EXERCISE GOAL. Exactly the lines from the opening of the data through the line containing "DERIVTVLPFILTICONLOWRLIM_SEC_F32 = DataDict.Constant" should be reproduced, please, with nothing added.

Records from a dataset.
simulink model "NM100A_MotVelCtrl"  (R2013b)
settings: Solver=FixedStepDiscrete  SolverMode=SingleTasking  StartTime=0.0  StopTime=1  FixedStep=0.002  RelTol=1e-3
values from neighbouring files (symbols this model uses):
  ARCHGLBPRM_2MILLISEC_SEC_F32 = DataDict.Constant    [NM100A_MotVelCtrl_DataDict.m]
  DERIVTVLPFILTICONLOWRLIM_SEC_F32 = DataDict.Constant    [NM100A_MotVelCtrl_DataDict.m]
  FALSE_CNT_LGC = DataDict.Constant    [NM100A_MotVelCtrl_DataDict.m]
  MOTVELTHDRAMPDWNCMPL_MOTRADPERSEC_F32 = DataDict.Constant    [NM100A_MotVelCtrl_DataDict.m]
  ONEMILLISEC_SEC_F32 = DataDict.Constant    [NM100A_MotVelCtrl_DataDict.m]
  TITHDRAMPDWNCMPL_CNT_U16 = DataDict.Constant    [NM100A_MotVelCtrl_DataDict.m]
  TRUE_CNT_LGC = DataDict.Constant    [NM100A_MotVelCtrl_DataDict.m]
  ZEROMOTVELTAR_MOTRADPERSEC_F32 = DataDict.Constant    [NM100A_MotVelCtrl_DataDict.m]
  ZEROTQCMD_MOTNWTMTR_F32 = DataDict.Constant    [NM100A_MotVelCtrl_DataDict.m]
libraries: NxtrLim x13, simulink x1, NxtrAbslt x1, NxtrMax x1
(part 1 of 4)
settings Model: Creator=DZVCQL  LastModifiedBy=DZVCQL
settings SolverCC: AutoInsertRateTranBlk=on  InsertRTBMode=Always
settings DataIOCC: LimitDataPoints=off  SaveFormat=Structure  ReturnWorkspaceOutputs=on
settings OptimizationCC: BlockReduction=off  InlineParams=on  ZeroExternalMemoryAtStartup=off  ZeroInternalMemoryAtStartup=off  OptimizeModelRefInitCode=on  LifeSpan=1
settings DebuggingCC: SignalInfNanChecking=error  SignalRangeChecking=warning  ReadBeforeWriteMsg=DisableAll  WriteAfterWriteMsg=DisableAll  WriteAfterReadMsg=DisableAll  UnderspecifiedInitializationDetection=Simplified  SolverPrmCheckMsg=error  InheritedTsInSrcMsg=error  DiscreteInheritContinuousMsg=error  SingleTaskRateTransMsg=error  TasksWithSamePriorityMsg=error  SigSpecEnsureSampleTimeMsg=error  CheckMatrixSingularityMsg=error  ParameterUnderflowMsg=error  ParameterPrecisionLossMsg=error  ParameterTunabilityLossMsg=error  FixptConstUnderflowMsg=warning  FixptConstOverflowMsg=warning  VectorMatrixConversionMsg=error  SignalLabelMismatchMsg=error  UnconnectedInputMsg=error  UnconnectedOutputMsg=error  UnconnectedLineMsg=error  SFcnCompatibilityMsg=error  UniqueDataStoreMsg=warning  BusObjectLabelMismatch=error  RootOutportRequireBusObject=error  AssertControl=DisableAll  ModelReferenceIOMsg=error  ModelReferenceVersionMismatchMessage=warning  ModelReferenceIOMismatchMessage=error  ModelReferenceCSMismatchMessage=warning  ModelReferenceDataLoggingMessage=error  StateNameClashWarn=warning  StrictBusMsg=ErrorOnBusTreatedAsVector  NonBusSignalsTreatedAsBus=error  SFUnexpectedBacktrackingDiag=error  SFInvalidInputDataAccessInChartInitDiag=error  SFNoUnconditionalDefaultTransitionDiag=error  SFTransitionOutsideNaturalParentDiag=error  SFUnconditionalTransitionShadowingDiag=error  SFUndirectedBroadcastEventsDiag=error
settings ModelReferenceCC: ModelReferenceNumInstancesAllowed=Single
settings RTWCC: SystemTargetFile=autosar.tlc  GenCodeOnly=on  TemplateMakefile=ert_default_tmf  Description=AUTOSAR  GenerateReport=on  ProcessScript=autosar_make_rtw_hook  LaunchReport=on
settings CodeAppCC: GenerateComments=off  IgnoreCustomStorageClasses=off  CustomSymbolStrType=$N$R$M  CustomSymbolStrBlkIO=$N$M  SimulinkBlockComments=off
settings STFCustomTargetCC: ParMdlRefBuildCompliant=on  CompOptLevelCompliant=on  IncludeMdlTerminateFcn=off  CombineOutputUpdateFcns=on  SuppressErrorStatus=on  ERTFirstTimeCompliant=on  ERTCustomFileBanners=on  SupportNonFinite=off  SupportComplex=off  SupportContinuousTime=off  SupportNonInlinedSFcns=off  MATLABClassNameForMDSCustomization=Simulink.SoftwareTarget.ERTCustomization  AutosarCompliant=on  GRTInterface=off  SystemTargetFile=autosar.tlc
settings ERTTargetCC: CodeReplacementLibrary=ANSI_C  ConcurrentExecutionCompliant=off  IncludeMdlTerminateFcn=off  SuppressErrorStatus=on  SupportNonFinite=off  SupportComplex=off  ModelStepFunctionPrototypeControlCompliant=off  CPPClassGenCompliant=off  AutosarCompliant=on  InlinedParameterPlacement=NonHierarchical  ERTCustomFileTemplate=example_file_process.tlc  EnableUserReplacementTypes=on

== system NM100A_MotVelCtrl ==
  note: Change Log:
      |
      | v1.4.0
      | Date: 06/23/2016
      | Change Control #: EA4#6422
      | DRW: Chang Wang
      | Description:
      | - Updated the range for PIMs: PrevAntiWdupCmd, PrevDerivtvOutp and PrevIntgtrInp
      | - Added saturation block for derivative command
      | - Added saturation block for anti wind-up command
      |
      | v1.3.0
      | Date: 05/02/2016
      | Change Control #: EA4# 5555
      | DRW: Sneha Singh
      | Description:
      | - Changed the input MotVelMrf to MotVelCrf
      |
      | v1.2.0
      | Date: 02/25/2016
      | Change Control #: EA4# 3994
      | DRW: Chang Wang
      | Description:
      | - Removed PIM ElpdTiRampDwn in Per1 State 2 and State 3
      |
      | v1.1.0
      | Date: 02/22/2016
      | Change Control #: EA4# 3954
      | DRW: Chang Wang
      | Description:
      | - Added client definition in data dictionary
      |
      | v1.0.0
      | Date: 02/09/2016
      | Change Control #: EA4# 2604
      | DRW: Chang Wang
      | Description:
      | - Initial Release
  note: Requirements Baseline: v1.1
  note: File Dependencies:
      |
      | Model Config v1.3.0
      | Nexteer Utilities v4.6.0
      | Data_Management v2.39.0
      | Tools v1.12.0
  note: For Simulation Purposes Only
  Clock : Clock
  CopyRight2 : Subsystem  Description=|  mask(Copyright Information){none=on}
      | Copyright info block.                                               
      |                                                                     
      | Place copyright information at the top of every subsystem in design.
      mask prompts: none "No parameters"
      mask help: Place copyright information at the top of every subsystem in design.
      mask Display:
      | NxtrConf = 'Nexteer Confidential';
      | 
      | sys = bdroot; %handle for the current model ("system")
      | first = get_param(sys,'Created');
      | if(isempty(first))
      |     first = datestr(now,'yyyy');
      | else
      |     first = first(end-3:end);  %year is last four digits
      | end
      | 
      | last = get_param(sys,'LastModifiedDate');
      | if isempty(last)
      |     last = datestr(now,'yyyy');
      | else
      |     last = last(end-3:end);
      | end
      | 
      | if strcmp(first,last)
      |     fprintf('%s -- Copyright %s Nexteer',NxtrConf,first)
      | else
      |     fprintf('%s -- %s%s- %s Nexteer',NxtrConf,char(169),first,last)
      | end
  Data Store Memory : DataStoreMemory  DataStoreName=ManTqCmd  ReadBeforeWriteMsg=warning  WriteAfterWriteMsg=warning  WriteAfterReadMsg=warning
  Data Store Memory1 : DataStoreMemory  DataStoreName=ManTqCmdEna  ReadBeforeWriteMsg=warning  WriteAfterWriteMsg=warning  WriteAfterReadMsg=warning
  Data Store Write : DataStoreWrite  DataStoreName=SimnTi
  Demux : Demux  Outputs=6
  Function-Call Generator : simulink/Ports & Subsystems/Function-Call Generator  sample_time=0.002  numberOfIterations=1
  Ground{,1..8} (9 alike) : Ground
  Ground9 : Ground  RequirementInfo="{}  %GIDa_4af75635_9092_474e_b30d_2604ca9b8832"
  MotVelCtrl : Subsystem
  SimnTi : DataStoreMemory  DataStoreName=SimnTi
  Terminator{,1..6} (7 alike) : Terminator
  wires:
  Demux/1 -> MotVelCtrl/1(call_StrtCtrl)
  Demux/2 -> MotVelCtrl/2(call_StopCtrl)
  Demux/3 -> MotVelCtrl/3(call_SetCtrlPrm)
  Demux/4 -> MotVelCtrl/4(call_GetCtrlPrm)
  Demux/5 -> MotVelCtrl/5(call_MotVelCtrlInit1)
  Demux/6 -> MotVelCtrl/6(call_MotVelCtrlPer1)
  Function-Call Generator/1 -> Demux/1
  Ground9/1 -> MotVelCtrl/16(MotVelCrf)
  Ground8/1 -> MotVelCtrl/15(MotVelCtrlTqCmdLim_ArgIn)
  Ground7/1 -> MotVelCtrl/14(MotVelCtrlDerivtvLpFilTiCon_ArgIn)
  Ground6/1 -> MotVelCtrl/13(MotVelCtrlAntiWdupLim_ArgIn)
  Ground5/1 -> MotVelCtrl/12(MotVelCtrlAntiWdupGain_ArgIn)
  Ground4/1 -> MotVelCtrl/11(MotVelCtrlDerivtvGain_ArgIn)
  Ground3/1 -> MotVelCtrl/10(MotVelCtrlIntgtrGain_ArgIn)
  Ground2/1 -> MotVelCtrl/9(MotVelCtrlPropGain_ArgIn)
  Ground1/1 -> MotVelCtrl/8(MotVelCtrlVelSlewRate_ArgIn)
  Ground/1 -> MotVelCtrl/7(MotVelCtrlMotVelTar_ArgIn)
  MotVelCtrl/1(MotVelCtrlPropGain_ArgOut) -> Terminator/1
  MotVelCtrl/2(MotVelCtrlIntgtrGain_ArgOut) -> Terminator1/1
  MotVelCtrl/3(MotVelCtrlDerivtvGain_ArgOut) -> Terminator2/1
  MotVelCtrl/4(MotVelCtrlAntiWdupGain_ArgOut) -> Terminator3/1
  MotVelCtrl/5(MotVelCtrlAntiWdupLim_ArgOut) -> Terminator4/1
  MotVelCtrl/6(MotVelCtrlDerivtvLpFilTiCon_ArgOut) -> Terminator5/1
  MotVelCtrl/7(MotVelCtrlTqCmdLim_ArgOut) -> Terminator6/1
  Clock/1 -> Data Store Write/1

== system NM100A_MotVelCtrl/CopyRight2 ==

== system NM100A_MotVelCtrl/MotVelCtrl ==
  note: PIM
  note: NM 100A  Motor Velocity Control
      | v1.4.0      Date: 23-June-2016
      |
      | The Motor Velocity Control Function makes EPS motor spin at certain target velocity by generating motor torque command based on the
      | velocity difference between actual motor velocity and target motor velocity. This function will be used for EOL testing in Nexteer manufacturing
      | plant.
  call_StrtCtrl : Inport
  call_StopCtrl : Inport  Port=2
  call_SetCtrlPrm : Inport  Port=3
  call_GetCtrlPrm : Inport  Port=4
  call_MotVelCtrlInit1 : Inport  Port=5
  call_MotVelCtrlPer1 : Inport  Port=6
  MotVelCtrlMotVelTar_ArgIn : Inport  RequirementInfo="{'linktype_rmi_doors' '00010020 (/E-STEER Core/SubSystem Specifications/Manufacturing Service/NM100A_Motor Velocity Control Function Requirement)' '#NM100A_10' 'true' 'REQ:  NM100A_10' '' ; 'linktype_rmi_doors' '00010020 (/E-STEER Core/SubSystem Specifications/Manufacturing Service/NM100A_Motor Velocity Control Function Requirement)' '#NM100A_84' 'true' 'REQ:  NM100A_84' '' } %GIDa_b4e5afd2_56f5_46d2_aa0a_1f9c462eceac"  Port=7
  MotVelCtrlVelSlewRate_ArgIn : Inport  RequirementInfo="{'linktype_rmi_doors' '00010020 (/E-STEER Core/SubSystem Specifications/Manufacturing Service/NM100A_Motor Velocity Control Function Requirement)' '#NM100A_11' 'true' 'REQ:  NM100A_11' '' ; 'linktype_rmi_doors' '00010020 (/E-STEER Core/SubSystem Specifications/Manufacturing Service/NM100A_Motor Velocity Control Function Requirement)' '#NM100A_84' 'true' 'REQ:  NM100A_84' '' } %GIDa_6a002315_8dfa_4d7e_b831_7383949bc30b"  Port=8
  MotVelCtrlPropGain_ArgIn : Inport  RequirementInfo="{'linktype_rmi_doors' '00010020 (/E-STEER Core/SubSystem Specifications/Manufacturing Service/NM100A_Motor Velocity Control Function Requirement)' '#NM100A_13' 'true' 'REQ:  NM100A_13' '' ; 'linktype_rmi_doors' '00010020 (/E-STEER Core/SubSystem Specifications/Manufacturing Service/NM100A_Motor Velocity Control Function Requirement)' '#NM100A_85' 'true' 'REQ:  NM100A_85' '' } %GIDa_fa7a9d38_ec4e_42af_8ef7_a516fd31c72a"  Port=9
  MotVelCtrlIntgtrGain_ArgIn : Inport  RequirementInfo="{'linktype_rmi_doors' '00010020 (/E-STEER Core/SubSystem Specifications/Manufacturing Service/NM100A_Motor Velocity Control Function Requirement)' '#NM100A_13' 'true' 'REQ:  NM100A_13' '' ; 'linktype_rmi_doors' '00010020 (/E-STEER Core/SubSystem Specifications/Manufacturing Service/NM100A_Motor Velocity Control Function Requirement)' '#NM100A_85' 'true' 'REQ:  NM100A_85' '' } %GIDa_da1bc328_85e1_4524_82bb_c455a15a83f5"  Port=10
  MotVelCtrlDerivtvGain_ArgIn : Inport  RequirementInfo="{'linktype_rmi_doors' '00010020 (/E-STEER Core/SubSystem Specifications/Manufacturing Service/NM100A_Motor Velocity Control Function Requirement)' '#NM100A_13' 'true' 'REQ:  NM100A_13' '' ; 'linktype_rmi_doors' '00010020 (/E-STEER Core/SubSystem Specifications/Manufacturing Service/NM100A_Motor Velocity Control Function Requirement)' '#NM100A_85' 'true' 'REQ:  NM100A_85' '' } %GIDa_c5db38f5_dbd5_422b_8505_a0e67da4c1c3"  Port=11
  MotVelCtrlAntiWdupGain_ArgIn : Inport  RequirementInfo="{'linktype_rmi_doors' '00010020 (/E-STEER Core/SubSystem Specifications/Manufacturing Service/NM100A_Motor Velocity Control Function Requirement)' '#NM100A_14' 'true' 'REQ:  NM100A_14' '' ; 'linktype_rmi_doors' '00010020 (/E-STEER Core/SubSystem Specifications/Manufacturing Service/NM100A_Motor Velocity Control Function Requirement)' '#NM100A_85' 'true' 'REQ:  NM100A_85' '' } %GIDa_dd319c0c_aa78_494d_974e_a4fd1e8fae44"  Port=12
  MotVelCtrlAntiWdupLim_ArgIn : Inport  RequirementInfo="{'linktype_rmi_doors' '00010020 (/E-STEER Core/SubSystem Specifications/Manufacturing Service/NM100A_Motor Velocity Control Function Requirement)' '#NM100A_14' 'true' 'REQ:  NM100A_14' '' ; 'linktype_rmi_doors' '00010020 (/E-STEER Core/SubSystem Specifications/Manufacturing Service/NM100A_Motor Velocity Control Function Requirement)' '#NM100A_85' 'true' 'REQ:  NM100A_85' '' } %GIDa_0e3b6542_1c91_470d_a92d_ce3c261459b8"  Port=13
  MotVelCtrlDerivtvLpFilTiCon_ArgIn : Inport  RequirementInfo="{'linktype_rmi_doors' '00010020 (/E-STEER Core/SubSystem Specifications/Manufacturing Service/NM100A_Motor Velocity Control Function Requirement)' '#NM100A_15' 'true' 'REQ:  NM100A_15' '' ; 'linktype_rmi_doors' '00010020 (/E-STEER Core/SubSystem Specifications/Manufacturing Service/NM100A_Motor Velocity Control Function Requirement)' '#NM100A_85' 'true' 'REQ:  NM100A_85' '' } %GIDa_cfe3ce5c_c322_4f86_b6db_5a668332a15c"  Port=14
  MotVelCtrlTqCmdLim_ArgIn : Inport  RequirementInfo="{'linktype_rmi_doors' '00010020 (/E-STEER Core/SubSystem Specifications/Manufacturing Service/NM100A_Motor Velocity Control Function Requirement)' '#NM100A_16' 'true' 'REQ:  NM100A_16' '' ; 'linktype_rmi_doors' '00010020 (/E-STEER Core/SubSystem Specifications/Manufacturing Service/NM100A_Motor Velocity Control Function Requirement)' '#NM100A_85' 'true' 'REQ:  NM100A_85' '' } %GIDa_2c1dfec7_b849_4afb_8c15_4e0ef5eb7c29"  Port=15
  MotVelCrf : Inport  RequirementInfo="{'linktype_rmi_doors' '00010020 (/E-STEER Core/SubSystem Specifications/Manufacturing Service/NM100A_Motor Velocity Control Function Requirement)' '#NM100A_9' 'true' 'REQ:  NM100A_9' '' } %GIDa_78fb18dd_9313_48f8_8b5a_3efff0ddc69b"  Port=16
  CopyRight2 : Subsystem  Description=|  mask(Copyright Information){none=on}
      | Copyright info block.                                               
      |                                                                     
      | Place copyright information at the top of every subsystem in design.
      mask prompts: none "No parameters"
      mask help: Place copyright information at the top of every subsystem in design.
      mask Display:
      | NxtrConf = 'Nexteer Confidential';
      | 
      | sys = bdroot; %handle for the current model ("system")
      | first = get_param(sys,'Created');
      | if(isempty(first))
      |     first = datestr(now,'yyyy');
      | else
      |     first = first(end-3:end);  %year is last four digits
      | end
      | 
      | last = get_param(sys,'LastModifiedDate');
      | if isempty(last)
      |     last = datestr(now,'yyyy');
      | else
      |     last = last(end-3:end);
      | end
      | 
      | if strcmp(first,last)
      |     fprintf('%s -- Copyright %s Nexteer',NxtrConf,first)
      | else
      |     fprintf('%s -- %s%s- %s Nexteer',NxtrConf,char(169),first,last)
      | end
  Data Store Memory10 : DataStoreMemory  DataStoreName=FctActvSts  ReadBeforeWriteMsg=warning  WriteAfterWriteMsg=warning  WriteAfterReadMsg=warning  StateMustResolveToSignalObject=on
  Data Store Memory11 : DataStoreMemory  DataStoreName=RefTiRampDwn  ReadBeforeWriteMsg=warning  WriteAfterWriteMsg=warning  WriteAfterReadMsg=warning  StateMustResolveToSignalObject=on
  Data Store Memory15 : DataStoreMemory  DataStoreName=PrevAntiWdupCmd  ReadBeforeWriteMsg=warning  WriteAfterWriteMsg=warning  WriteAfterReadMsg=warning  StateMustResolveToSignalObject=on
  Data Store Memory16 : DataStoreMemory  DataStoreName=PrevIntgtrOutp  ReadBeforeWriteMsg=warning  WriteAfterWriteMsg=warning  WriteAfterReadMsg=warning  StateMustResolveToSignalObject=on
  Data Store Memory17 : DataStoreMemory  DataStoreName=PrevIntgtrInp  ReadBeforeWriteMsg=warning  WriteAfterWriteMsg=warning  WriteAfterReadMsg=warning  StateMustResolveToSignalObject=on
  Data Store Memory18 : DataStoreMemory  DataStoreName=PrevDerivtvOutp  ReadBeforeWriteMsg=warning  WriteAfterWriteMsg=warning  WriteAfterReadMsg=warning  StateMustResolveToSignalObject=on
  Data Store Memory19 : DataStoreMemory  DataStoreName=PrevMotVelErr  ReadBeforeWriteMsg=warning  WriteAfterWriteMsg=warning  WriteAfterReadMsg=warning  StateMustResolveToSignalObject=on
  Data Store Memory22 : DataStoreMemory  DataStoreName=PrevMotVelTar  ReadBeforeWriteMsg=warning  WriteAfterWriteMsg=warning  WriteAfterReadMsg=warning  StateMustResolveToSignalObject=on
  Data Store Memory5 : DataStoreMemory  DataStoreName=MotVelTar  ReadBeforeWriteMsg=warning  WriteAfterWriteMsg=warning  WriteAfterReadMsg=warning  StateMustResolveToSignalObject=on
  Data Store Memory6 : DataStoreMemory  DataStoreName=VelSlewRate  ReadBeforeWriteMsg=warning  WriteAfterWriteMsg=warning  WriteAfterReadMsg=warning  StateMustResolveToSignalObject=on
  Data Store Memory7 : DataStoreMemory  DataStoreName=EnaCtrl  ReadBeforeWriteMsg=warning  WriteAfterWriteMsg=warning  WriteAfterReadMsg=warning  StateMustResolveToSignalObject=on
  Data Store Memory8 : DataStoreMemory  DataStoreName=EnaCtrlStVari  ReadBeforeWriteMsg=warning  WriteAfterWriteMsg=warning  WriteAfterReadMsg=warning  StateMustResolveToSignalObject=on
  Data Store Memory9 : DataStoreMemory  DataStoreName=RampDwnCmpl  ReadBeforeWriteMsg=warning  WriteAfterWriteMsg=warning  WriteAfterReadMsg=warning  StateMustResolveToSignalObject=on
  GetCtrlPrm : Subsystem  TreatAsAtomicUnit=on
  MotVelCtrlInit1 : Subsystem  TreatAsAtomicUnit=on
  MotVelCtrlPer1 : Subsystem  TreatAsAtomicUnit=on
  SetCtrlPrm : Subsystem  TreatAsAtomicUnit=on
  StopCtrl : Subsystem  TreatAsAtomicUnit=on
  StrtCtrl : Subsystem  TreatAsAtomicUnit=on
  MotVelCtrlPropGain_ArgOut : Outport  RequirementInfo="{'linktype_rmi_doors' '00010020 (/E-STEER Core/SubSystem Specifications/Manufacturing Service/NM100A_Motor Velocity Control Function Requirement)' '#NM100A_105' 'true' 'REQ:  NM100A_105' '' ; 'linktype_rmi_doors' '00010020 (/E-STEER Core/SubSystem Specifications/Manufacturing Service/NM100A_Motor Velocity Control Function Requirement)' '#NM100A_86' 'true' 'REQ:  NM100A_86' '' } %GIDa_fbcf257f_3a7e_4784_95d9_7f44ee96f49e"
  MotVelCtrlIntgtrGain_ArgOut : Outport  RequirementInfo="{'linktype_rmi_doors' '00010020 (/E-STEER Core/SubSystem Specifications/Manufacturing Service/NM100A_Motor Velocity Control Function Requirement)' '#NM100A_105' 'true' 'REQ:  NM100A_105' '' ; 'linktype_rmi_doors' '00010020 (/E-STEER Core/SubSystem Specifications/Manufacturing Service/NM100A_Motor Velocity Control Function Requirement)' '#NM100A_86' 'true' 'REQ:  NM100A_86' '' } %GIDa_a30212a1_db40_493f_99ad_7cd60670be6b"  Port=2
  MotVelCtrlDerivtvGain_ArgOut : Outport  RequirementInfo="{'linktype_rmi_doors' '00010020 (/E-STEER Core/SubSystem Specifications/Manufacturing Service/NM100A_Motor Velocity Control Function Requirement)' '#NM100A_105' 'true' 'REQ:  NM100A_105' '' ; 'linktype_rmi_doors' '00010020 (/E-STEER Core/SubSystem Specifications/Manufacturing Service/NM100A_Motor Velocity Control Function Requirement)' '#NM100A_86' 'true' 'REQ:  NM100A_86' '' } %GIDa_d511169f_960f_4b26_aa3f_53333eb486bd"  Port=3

RESPONSE TO THE TASK.
simulink model "NM100A_MotVelCtrl"  (R2013b)
settings: Solver=FixedStepDiscrete  SolverMode=SingleTasking  StartTime=0.0  StopTime=1  FixedStep=0.002  RelTol=1e-3
values from neighbouring files (symbols this model uses):
  ARCHGLBPRM_2MILLISEC_SEC_F32 = DataDict.Constant    [NM100A_MotVelCtrl_DataDict.m]
  DERIVTVLPFILTICONLOWRLIM_SEC_F32 = DataDict.Constant    [NM100A_MotVelCtrl_DataDict.m]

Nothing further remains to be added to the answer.